• _Exercise_
Run through the records and show each line that includes the string "point".

[Data records]
──────────

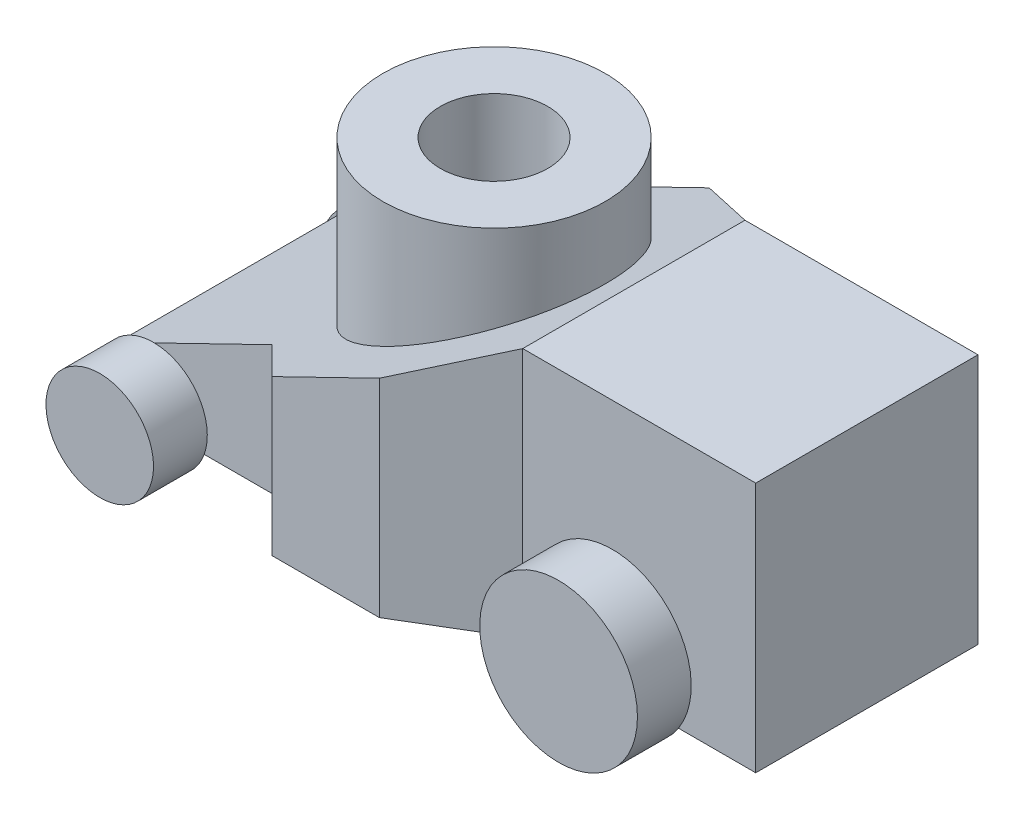
SolidWorks part; units mm, degrees
ref_plane "Front Plane" through (0, 0, 0) normal (0, 0, 1) x (1, 0, 0)
ref_plane "Top Plane" through (0, 0, 0) normal (0, 1, 0) x (1, 0, 0)
ref_plane "Right Plane" through (0, 0, 0) normal (1, 0, 0) x (0, 0, -1)
sketch "Sketch1" plane through (0, 0, 0) normal (0, 1, 0) x (1, 0, 0)
  line L0 (0, 0) -> (178, 0) construction
  line L1 (178, 31) -> (178, -31)
  line L2 (178, -31) -> (113, -31)
  line L3 (113, -31) -> (88, -46)
  line L4 (88, -46) -> (58, -46)
  line L5 (58, -46) -> (43, -31)
  line L6 (43, -31) -> (0, -31)
  line L7 (0, -31) -> (0, 31)
  line L8 (178, 31) -> (113, 31)
  line L9 (113, 31) -> (88, 46)
  line L10 (88, 46) -> (58, 46)
  line L11 (58, 46) -> (43, 31)
  line L12 (43, 31) -> (0, 31)
  dimension "D1" = 65
  dimension "D2" = 25
  dimension "D3" = 30
  dimension "D4" = 15
  dimension "D5" = 43
  dimension "D6" = 31
  dimension "D7" = 31
  dimension "D8" = 15
extrude "Extrude1" add sketch "Sketch1" along normal blind 70
sketch "Sketch2" plane through (0, 0, 31) normal (0, 0, 1) x (1, 0, 0)
  line L0 (113, 70) -> (0, 70)
  line L1 (0, 70) -> (0, 0) construction
  line L2 (0, 70) -> (0, 15)
  line L3 (0, 0) -> (43, 0) construction
  line L4 (113, 70) -> (0, 15)
  dimension "D1" = 15
extrude "Extrude2" cut sketch "Sketch2" against normal blind 90 and the other way blind 70
sketch "Sketch3" plane through (0, 0, 0) normal (0, 1, 0) x (1, 0, 0)
  line L0 (0, 0) -> (178, 0) construction
  line L1 (178, -31) -> (178, 31) construction
  line L2 (43, 31) -> (43, -31) construction
  circle A0 centre (74, 0) radius 31
  dimension "D1" = 62
extrude "Extrude3" add sketch "Sketch3" along normal blind 86
sketch "Sketch4" plane through (0, 86, 0) normal (0, 1, 0) x (1, 0, 0)
  circle A0 centre (74, 0) radius 15
  dimension "D1" = 30
extrude "Extrude4" cut sketch "Sketch4" against normal up to surface (34.9823 mm away)
sketch "Sketch5" plane through (0, 0, 31) normal (0, 0, 1) x (1, 0, 0)
  line L0 (12.2524, -10) -> (164.8024, -10) construction
  line L1 (43, 0) -> (58, 0) construction
  line L2 (0, 15) -> (0, 0) construction
  line L3 (178, 70) -> (178, 0) construction
  circle A0 centre (10, 5) radius 15
  circle A1 centre (138, 12) radius 22
  dimension "D2" = 30
  dimension "D3" = 44
  dimension "D4" = 10
  dimension "D5" = 40
  dimension "D1" = 10
extrude "Extrude5" add sketch "Sketch5" along normal blind 15
mirror "Mirror1" about plane through (0, 0, 0) normal (0, 0, 1) of "Extrude5"
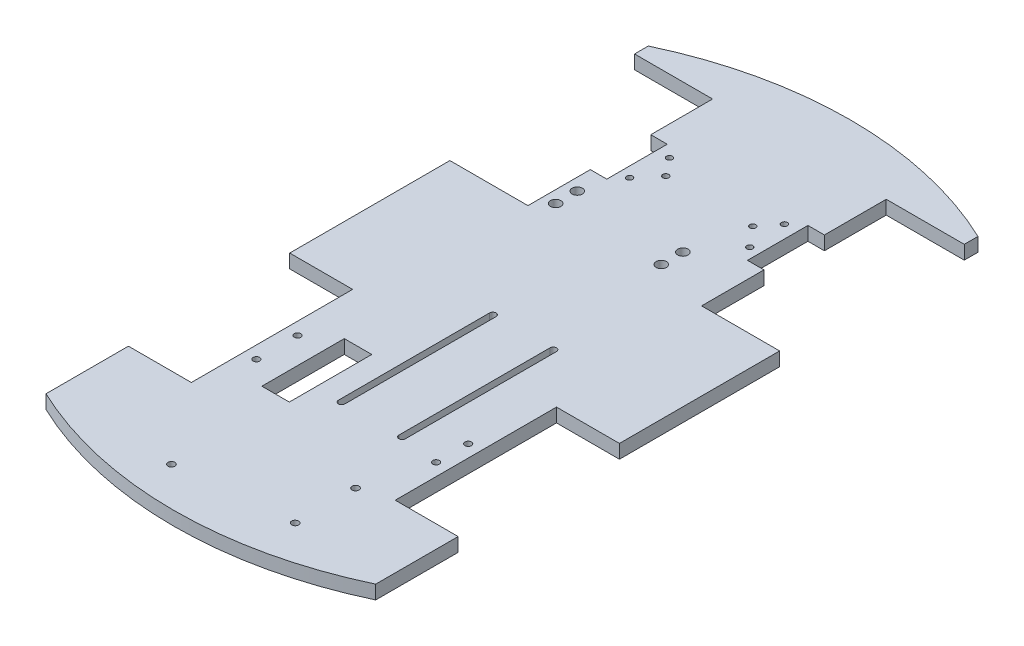
SolidWorks part; units mm, degrees
material "Oak"
ref_plane "Front Plane" through (0, 0, 0) normal (0, 0, 1) x (1, 0, 0)
ref_plane "Top Plane" through (0, 0, 0) normal (0, 1, 0) x (1, 0, 0)
ref_plane "Right Plane" through (0, 0, 0) normal (1, 0, 0) x (0, 0, -1)
sketch "Sketch1" plane through (0, 0, 0) normal (0, 1, 0) x (1, 0, 0)
  line L0 (50.292, 32.512) -> (76.2, 32.512) construction
  line L1 (0, 0) -> (0, -280.955) construction
  line L2 (0, 66.1738) -> (0, -229.362)
  line L3 (76.2, -229.362) -> (0, -229.362)
  line L7 (50.292, 32.512) -> (50.292, -32.512) construction
  line L8 (50.292, -32.512) -> (76.2, -32.512) construction
  line L9 (76.2, 32.512) -> (76.2, -32.512) construction
  line L10 (50.292, 32.512) -> (76.2, -32.512) construction
  line L11 (50.292, -32.512) -> (76.2, 32.512) construction
  line L18 (50.292, -119.888) -> (76.2, -119.888) construction
  line L19 (50.292, -119.888) -> (50.292, -184.912) construction
  line L20 (50.292, -184.912) -> (76.2, -184.912) construction
  line L21 (76.2, -119.888) -> (76.2, -184.912) construction
  line L22 (50.292, -119.888) -> (76.2, -184.912) construction
  line L23 (50.292, -184.912) -> (76.2, -119.888) construction
  line L25 (-76.2, 0) -> (76.2, 0) construction
  line L27 (-76.2, -152.4) -> (76.2, -152.4) construction
  line L28 (76.2, 0) -> (76.2, -152.4) construction
  line L33 (40.132, -42.672) -> (76.2, -42.672)
  line L34 (40.132, 42.672) -> (40.132, 14.097)
  line L35 (40.132, 42.672) -> (76.2, 42.672)
  line L36 (47.117, -191.262) -> (76.2, -191.262)
  line L37 (47.117, -116.713) -> (47.117, -191.262)
  line L38 (47.117, -116.713) -> (76.2, -116.713)
  line L43 (76.2, -42.672) -> (76.2, -116.713)
  line L45 (76.2, 42.672) -> (76.2, 49.022)
  line L47 (76.2, -191.262) -> (76.2, -229.362)
  line L55 (32.512, -13.843) -> (40.132, -13.843)
  line L56 (32.512, 14.097) -> (32.512, -13.843)
  line L57 (32.512, 14.097) -> (40.132, 14.097)
  line L58 (40.132, -13.843) -> (40.132, -42.672)
  arc A0 (0, 66.1738) -> (76.2, 49.022) centre (0, -111.6688) cw
  arc A1 (76.2, -229.362) -> (0, -252.984) centre (-13.2044, -75.675) cw
  point P9 (63.246, 0)
  point P19 (63.246, -152.4)
  dimension "D7" = 3.175
  dimension "D8" = 6.35
  dimension "D12" = 7.62
  dimension "D16" = 6.35
  dimension "D17" = 177.8426
  dimension "D18" = 177.8
  dimension "D1" = 152.4
  dimension "D2" = 152.4
  dimension "D3" = 126.492
  dimension "D4" = 25.908
  dimension "D6" = 3.175
  dimension "D9" = 10.16
  dimension "D10" = 10.16
  dimension "D5" = 65.024
  dimension "D11" = 10.16
  dimension "D13" = 27.94
  dimension "D14" = 28.575
  dimension "D15" = 38.1
  dimension "D19" = 23.622
extrude "Chassis" add sketch "Sketch1" along normal blind 6.35
mirror "Mirror1" about plane through (0, 6.35, 0) normal (1, 0, 0) of "Chassis"
sketch "Sketch4" plane through (0, 6.35, 0) normal (0, 1, 0) x (1, 0, 0)
  line L0 (76.2, -229.362) -> (-76.2, -229.362)
  arc A0 (76.2, -229.362) -> (-76.2, -229.362) centre (0, -68.7183) cw
  dimension "D1" = 177.8
extrude "Boss-Extrude1" add sketch "Sketch4" against normal blind 6.35 contours A0 L0
sketch "Sketch2" plane through (0, 0, 0) normal (0, 1, 0) x (1, 0, 0)
  line L0 (-47.117, -116.713) -> (-47.117, -191.262) construction
  line L1 (-47.117, -191.262) -> (-76.2, -191.262) construction
  line L2 (47.117, -116.713) -> (47.117, -191.262) construction
  line L3 (47.117, -191.262) -> (76.2, -191.262) construction
  line L4 (24.892, -94.488) -> (24.892, -164.338)
  line L5 (21.892, -94.488) -> (21.892, -164.338)
  line L6 (-3.048, -94.488) -> (-3.048, -164.338)
  line L7 (-6.048, -94.488) -> (-6.048, -164.338)
  line L8 (47.117, -116.713) -> (76.2, -116.713) construction
  line L10 (-16.637, -176.45) -> (-29.337, -176.45)
  line L11 (-16.637, -176.45) -> (-16.637, -138.35)
  line L12 (-16.637, -138.35) -> (-29.337, -138.35)
  line L13 (-29.337, -176.45) -> (-29.337, -138.35)
  circle A0 centre (-26.5557, 9.17) radius 1.3716 construction
  circle A2 centre (33.0969, -195.58) radius 1.5875
  circle A3 centre (-18.9731, -228.6) radius 1.5875
  circle A4 centre (-18.9731, -228.6) radius 1.5875
  circle A5 centre (33.0969, -223.52) radius 1.5875
  circle A6 centre (33.0969, -223.52) radius 1.5875
  circle A7 centre (-20.1056, 0.9994) radius 1.3716 construction
  circle A8 centre (-27.7865, -8.0406) radius 1.3716 construction
  circle A9 centre (26.5557, 9.17) radius 1.3716 construction
  circle A10 centre (20.1056, 0.9994) radius 1.3716 construction
  circle A11 centre (27.7865, -8.0406) radius 1.3716 construction
  circle A12 centre (14.2672, -25.46) radius 2.3813 construction
  circle A13 centre (14.2672, -35.4295) radius 2.3813 construction
  circle A14 centre (-34.5516, -25.46) radius 2.3813 construction
  circle A15 centre (-34.5516, -35.4295) radius 2.3813 construction
  circle A16 centre (41.402, -151.7963) radius 1.5
  arc A20 (24.892, -164.338) -> (21.892, -164.338) centre (23.392, -164.338) cw
  arc A21 (-3.048, -164.338) -> (-6.048, -164.338) centre (-4.548, -164.338) cw
  circle A24 centre (-26.5557, 9.17) radius 1.3716
  circle A25 centre (-20.1056, 0.9994) radius 1.3716
  circle A26 centre (-27.7865, -8.0406) radius 1.3716
  circle A27 centre (26.5557, 9.17) radius 1.3716
  circle A28 centre (20.1056, 0.9994) radius 1.3716
  circle A29 centre (27.7865, -8.0406) radius 1.3716
  circle A30 centre (14.2672, -25.46) radius 2.3812
  circle A31 centre (14.2672, -35.4295) radius 2.3813
  circle A32 centre (-34.5516, -25.46) radius 2.3813
  circle A33 centre (-34.5516, -35.4295) radius 2.3812
  arc A34 (24.892, -94.488) -> (21.892, -94.488) centre (23.392, -94.488) ccw
  arc A35 (-3.048, -94.488) -> (-6.048, -94.488) centre (-4.548, -94.488) ccw
  circle A38 centre (-41.402, -147.875) radius 1.5
  circle A39 centre (-41.402, -166.925) radius 1.5
  circle A41 centre (41.402, -166.6553) radius 1.5
  dimension "D4" = 3
  dimension "D5" = 3
  dimension "D10" = 3
  dimension "D14" = 3
  dimension "D15" = 5.715
  dimension "D22" = 22.225
  dimension "D26" = 3.175
  dimension "D6" = 19.05
  dimension "D7" = 5.715
  dimension "D8" = 5.715
  dimension "D9" = 24.337
  dimension "D11" = 14.859
  dimension "D12" = 5.715
  dimension "D13" = 24.6067
  dimension "D16" = 22.225
  dimension "D17" = 69.85
  dimension "D18" = 69.85
  dimension "D19" = 12.7
  dimension "D20" = 3
  dimension "D21" = 3
  dimension "1.1" = 27.94
  dimension "D23" = 30.48
  dimension "D24" = 38.1
  dimension "D25" = 9.525
  dimension "D2" = 0
  dimension "D3" = 0
extrude "Cut-Extrude1" cut sketch "Sketch2" along normal blind 17.78

──────────

• _Answer to the problem_
  point P9 (63.246, 0)
  point P19 (63.246, -152.4)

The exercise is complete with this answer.